Housing advocates have found a new weapon in the fight to keep properties like Starrett City affordable: hard economics. Many owners overestimate the amount of money they could raise by taking their properties out of affordable housing programs, whether by raising rents or developing new luxury housing on a site. Owners also often underestimate the difficulty of the transition and the dollars the property could produce if kept affordable, said Van Amerongen.
This is a burgeoning issue, as thousands of properties originally financed under Department of Housing and Urban Development (HUD) programs are in danger of being taken out of those programs.
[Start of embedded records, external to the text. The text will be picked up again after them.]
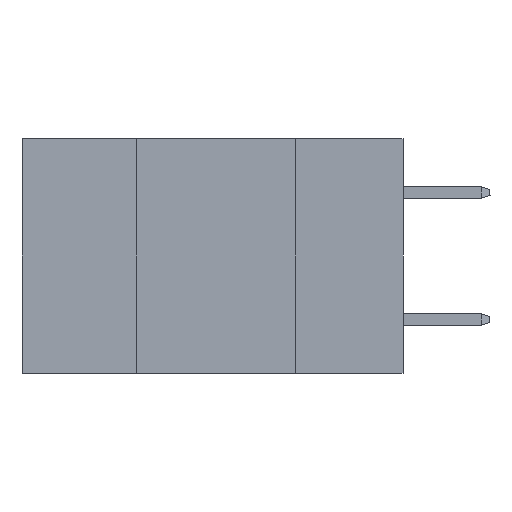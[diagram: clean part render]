
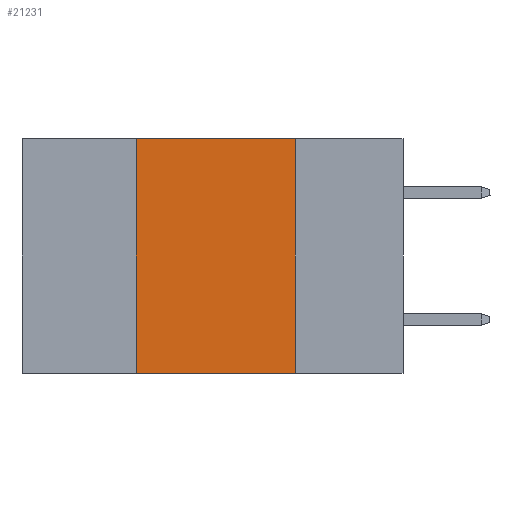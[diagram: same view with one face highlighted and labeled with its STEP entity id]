
A CAD part, left-side view. The second image highlights one B-rep face of the part: STEP entity #21231.
In plain terms, the highlighted planar face has unit normal (-1, 0, 0).
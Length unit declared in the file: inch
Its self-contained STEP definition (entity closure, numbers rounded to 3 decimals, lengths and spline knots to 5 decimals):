
#272 = CARTESIAN_POINT ( 'NONE',  ( 0., 0.42, -0.37 ) ) ;
#869 = CARTESIAN_POINT ( 'NONE',  ( 0., 0.17, -0.37 ) ) ;
#1655 = LINE ( 'NONE', #8086, #40517 ) ;
#1889 = DIRECTION ( 'NONE',  ( 0., 0., 1. ) ) ;
#2090 = CARTESIAN_POINT ( 'NONE',  ( 0., 0.6, 0. ) ) ;
#2796 = DIRECTION ( 'NONE',  ( 0., -1., 0. ) ) ;
#3092 = CARTESIAN_POINT ( 'NONE',  ( 0., 0.6, 0. ) ) ;
#3515 = ORIENTED_EDGE ( 'NONE', *, *, #8044, .F. ) ;
#6014 = EDGE_CURVE ( 'NONE', #36959, #19544, #39055, .T. ) ;
#8044 = EDGE_CURVE ( 'NONE', #36959, #14537, #1655, .T. ) ;
#8086 = CARTESIAN_POINT ( 'NONE',  ( 0., 0.42, 0. ) ) ;
#9985 = PLANE ( 'NONE',  #40112 ) ;
#10667 = EDGE_CURVE ( 'NONE', #14537, #21790, #20116, .T. ) ;
#13540 = DIRECTION ( 'NONE',  ( 0., -1., 0. ) ) ;
#14537 = VERTEX_POINT ( 'NONE', #28153 ) ;
#17588 = DIRECTION ( 'NONE',  ( 0., 0., -1. ) ) ;
#19544 = VERTEX_POINT ( 'NONE', #869 ) ;
#20116 = LINE ( 'NONE', #2090, #43577 ) ;
#21231 = ADVANCED_FACE ( 'NONE', ( #35060 ), #9985, .F. ) ;
#21790 = VERTEX_POINT ( 'NONE', #24363 ) ;
#24363 = CARTESIAN_POINT ( 'NONE',  ( 0., 0.17, 0. ) ) ;
#25503 = EDGE_CURVE ( 'NONE', #21790, #19544, #35383, .T. ) ;
#26849 = VECTOR ( 'NONE', #13540, 39.37008 ) ;
#28153 = CARTESIAN_POINT ( 'NONE',  ( 0., 0.42, 0. ) ) ;
#30810 = CARTESIAN_POINT ( 'NONE',  ( 0., 0.6, -0.37 ) ) ;
#32435 = ORIENTED_EDGE ( 'NONE', *, *, #10667, .F. ) ;
#33569 = ORIENTED_EDGE ( 'NONE', *, *, #6014, .T. ) ;
#34226 = VECTOR ( 'NONE', #38690, 39.37008 ) ;
#35060 = FACE_OUTER_BOUND ( 'NONE', #37676, .T. ) ;
#35383 = LINE ( 'NONE', #46243, #34226 ) ;
#36959 = VERTEX_POINT ( 'NONE', #272 ) ;
#37676 = EDGE_LOOP ( 'NONE', ( #42308, #32435, #3515, #33569 ) ) ;
#38690 = DIRECTION ( 'NONE',  ( 0., 0., -1. ) ) ;
#39055 = LINE ( 'NONE', #30810, #26849 ) ;
#40112 = AXIS2_PLACEMENT_3D ( 'NONE', #3092, #44562, #17588 ) ;
#40517 = VECTOR ( 'NONE', #1889, 39.37008 ) ;
#42308 = ORIENTED_EDGE ( 'NONE', *, *, #25503, .F. ) ;
#43577 = VECTOR ( 'NONE', #2796, 39.37008 ) ;
#44562 = DIRECTION ( 'NONE',  ( 1., 0., 0. ) ) ;
#46243 = CARTESIAN_POINT ( 'NONE',  ( 0., 0.17, 0. ) ) ;

Federal Sec. 8 rental subsidy contracts will expire at 7,850 properties over the two-year period starting October 2007. That represents nearly half a million apartments, according to Washington, D.C.-based advocacy group the National Housing Trust.
With many owners licking their chops at the profit potential they could realize from converting these affordable properties to market-rate housing, local officials who want to keep the properties affordable are discovering that an appeal focused on the bottom line can be the most effective.
In Michigan, the four partners who owned Wingate Management Corp. seemed in favor of selling the company and its 901 apartments in the Detroit suburbs to affordable housing developer National Church Residences (NCR), based in Columbus, Ohio.
However, Wingate’s owners were unused to the amount of time it can take to put federal, state, and local financing together to make a deal work. “The youngest [of the four original partners] was in his 70s,” said Michelle Norris, senior developer for NCR. “They are no longer deal people.”
In 2006, after delays in Michigan’s programs held up the sale for more than a year, one partner’s son attempted to lead the partnership in a different direction and sell the project as a market-rate rental property.
NCR eventually convinced the owners to keep the property affordable, in part because several of the properties were located in very weak markets. A market-rate buyer would probably cherry-pick the best two properties and leave the rest, NCR told Wingate. Keeping all the properties affordable was a less complicated, more competitive option. NCR purchased Wingate in 2006 and finished a full rehab last December.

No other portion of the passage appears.